One early “authenticated” report of the creature is recorded in the outdoor periodical Field and Stream by a Mr. R. S. MacNeil, wherein he declares:

It [the wampus cat] is usually encountered near the center of some dark, dismal swamp, frequently by hunters who have become mislaid on the way to camp. The trail of a wampus cat is invariably marked with torn and uprooted trees, mangled brush and tufts of bloody fur. Too much emphasis cannot be laid on the deadly nature of this animal; even after it had been shot and mounted, a stuffed wampus cat has been known to tear its owner to shreds! Only the entire resources of this magazine, plus the great personal courage of the author, has made the field work behind these notes possible.” —R. S. MacNeill, Field and Stream 4

MacNeil’s account, like many, is pretty straightforward. The wampus cat is related as something of a terrifying, semiaquatic panther, an interpretation corroborated by Ozark folklorist Vance Randolph in his book We Always Lie to Strangers.5 However, the very nature of the wampus cat is of a story passed by word of mouth. Accordingly, nothing is never really set in stone as with printed material. Every storyteller puts the tale into different words and adds some of their own imagination. Accordingly, this can often lead to some highly remarkable contradictions.

For example, a periodical out of Rotan, Texas, entitled Billy Goat Always Buttin’ In, describes the felid as, “a cross between a wild cat, a badger, and a lobo wolf, with fangs two inches long and claws that could peel the bark off a mesquite tree.”6 Conversely, Conway High School, in Arkansas, has it that their beloved mascot, the wampus cat, has six legs; four to run and two to fight.7 Stranger still are rumors circulating from the great white north, near the vicinity of Jasper National Park, Alberta.
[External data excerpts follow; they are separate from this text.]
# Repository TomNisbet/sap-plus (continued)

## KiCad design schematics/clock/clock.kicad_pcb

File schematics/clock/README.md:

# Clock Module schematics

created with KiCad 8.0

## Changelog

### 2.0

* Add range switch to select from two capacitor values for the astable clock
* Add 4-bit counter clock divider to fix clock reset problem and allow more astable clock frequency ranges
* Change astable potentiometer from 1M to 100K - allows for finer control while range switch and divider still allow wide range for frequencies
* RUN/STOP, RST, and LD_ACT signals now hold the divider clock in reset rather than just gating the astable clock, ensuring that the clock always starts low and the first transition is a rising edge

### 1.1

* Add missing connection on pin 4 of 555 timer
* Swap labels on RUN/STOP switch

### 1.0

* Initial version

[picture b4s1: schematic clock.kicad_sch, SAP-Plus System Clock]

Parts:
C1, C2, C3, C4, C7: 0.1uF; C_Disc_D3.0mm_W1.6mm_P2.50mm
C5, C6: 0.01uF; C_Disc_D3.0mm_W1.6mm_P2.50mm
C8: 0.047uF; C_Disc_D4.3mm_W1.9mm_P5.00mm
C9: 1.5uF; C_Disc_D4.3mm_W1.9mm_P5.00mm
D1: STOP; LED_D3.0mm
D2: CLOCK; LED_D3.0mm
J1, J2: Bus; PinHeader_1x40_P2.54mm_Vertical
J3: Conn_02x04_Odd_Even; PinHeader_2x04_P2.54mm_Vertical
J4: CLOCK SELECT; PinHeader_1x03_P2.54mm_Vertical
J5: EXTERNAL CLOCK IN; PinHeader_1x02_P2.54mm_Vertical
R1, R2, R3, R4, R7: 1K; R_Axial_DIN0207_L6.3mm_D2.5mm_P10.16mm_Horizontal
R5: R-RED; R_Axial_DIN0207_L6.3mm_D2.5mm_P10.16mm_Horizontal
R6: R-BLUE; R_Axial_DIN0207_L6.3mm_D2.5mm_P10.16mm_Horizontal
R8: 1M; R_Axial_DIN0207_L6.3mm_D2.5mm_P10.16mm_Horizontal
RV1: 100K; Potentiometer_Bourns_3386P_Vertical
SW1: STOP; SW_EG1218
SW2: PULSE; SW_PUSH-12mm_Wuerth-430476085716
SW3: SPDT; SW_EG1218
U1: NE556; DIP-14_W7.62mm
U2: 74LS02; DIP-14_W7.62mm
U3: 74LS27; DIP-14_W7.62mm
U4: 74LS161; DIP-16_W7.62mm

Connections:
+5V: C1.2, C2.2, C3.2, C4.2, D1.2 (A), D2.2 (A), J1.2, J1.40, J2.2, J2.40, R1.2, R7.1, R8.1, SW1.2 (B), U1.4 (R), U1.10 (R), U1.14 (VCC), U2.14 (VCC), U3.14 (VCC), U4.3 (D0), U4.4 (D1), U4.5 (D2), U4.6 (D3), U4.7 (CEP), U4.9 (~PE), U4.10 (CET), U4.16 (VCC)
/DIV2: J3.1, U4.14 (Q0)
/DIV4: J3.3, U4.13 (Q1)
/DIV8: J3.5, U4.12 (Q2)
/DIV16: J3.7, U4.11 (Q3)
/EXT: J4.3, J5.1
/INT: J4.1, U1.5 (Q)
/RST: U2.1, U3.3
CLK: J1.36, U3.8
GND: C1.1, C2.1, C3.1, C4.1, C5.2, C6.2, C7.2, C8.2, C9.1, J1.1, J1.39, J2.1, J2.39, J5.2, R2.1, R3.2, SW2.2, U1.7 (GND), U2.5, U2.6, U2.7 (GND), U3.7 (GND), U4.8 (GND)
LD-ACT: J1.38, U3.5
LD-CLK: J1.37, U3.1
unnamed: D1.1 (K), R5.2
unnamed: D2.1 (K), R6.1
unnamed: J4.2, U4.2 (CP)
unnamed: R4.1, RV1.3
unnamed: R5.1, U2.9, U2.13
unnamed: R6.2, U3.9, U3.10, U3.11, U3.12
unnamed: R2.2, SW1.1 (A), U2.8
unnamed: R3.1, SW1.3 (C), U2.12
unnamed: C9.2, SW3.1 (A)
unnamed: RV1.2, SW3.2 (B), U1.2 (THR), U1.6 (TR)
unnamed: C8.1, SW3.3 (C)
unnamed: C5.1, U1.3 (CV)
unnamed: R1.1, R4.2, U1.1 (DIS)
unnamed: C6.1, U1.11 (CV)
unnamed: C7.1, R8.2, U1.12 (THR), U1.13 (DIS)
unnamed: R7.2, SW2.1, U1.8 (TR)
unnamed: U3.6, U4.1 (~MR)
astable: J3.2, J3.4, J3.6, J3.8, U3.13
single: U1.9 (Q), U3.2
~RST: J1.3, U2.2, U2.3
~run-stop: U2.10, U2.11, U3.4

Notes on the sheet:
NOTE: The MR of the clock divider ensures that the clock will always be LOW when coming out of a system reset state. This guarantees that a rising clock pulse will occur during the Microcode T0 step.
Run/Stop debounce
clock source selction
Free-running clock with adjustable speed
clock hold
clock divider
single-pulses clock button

There, the wampus cat is granted with eight legs, four atop and four beneath, so as to always land feet first.8 Even still, both Sidney Jennings Legendre, in Land of the White Parasol and the Million Elephants,9 and Dr. Walker D. Wyman, in Mythical Creatures of the North Country,10 assert that the wampus cat is a beast legged for hillsides. That rather than eight legs, nature has provided this animal with legs on one side longer than the other. Thus, providing the critter perfect hold on hillsides.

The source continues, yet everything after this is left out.